Our school song came to us by way of ROCS dad and blog contributor Mark Fisher. According to Mark, "I woke up in the middle of the night and heard in my mind a melody carrying the words Red Oak Community School. I don't remember what dream preceded that but I know I had been thinking how glad I was that Raad was attending such a wonderful school where he could spend so much time playing and learning outside in all kinds of weather. Once the song started I couldn't stop so I went downstairs and finished it, plunking out the music on the piano as quietly as I could while the family slept." 

Here's what he came up with:

Mark planned to teach the song to the kids but major surgery got in his way. Upon hearing the song and Mark's plan, ROCS Director Cheryl Ryan suggested we teach it to the kids and send Mark a recording as a form of Get Well message. Having taught the kids a song last year, I volunteered to introduce it to them and Miss Maureen planned to practice it with them. 

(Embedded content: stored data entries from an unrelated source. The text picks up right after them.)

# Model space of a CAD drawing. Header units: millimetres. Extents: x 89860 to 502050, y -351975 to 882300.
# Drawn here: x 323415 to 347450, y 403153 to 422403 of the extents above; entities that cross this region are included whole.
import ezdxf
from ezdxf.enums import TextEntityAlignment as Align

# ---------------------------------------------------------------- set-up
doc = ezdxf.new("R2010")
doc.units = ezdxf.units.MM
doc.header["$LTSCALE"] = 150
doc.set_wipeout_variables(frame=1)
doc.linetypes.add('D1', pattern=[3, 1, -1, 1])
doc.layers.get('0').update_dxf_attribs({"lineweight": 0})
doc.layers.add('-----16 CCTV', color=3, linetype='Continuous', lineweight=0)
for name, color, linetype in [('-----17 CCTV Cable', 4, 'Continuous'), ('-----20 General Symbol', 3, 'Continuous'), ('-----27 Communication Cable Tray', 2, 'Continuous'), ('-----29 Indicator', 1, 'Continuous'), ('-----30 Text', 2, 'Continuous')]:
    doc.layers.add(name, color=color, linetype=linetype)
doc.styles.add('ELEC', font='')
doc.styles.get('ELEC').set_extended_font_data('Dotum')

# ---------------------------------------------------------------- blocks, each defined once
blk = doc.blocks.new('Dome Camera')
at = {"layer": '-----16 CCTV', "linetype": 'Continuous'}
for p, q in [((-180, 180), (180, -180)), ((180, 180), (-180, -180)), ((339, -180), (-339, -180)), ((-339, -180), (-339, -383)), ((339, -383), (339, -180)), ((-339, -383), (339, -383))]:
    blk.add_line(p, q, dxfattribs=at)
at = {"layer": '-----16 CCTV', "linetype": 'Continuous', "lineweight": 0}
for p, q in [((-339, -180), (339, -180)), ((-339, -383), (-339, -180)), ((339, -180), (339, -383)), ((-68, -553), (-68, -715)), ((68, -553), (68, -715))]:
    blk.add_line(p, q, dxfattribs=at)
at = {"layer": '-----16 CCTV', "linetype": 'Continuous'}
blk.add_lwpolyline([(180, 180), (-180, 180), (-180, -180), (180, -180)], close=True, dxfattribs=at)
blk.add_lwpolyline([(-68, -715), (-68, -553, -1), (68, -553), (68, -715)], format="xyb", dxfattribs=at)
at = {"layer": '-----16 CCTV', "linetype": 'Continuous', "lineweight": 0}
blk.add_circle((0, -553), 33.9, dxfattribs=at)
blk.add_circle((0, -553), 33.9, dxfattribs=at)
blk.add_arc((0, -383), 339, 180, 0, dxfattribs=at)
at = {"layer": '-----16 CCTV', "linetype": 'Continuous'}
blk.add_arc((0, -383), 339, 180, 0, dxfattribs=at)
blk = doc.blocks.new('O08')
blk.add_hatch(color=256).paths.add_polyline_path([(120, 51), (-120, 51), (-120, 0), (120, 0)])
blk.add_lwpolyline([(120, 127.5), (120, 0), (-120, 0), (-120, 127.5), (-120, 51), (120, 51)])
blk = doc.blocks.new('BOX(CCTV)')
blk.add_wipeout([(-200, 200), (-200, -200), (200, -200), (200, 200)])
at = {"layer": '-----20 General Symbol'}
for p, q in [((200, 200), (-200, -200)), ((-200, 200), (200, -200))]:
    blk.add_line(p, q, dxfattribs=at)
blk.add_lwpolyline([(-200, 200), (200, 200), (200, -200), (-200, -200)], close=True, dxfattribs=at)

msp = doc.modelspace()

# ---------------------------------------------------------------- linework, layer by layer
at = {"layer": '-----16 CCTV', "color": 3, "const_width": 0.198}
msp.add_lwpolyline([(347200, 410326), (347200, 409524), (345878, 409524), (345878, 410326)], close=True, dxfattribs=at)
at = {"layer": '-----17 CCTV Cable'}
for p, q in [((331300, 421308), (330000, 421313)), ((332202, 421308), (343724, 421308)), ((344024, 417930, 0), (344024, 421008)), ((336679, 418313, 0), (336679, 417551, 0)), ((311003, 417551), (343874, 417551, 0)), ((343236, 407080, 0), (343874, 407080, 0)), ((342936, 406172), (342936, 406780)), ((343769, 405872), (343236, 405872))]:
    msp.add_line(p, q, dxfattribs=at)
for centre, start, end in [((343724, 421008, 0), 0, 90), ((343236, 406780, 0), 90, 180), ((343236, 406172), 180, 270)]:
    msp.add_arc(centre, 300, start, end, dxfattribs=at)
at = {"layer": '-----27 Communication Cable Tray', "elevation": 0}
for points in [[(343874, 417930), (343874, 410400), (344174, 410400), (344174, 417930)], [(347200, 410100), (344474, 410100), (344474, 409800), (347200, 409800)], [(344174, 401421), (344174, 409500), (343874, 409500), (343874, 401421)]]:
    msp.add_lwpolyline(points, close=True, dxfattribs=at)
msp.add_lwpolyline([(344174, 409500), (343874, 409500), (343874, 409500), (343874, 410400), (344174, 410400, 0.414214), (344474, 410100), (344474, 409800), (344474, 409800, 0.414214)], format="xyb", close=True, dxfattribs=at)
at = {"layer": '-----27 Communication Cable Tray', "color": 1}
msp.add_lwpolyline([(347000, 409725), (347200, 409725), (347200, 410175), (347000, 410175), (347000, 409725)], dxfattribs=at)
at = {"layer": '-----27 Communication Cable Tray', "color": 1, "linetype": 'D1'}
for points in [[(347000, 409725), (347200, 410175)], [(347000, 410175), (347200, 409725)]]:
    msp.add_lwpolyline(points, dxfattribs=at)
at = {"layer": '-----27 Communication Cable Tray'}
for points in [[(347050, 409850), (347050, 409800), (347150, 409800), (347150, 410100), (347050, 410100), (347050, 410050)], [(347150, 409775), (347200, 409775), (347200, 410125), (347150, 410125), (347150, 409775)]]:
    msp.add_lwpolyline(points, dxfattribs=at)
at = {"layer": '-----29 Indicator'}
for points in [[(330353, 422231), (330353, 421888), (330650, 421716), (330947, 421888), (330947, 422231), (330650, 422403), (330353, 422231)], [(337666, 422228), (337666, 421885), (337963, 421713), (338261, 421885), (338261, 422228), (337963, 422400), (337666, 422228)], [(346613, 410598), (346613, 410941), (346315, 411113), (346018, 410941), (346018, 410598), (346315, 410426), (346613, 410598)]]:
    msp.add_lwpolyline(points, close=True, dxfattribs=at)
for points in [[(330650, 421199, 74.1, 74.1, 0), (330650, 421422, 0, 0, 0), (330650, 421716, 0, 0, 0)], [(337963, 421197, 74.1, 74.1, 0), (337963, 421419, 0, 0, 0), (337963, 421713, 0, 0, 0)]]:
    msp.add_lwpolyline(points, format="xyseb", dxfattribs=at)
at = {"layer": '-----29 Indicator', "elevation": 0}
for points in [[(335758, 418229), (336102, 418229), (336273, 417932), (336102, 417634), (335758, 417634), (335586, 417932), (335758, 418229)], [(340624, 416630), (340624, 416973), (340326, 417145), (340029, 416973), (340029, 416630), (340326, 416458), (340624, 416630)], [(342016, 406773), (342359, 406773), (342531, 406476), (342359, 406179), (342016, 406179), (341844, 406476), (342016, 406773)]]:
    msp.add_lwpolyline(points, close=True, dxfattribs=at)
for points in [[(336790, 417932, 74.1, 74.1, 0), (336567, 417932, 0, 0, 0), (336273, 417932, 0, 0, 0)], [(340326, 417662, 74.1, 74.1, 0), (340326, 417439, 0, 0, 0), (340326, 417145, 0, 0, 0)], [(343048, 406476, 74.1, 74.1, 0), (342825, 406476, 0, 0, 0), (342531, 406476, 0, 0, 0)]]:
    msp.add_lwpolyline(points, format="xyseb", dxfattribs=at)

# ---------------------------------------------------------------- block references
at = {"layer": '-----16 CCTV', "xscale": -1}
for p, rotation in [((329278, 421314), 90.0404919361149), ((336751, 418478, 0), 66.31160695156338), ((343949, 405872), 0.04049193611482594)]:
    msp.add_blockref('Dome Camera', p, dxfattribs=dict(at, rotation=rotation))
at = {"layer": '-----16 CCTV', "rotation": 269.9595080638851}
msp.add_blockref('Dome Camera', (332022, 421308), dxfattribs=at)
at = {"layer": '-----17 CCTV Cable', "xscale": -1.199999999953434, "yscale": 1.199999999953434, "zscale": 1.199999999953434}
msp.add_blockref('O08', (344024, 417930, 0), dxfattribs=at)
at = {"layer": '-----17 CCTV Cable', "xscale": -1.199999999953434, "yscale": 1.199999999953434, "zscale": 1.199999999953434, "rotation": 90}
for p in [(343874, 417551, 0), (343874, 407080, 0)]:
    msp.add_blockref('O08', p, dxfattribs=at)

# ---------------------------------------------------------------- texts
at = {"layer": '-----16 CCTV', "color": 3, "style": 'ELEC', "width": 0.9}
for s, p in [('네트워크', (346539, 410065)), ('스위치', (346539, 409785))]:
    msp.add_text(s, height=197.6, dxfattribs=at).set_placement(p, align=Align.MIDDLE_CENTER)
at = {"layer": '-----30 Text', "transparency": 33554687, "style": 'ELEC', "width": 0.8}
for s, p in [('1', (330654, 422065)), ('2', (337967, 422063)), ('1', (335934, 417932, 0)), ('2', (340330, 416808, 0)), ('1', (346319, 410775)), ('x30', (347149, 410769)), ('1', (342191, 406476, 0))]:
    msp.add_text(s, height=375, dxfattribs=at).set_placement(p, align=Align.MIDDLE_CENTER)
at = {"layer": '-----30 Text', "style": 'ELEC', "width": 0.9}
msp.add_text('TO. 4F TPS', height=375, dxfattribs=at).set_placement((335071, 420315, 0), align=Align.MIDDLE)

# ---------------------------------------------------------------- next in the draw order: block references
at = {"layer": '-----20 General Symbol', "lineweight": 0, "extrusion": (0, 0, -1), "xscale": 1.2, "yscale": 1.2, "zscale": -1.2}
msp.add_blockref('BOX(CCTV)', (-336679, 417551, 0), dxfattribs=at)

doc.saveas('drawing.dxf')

When he first introduced the song to me, Mark feared it might be too corny. But it's a perfect alma mater, which, according to Wikipedia "is typically slow, light in instrumentation and with lyrics that wax nostalgic about the institution's setting and affirm the singer's devotion to, and fondness for, the institution." When I talked through the lyrics with the kids, they instantly commented on the slow tempo which they eagerly associated with the Star Wars theme song. They also noticed the repetition between verses which is part of what makes it such a catchy tune.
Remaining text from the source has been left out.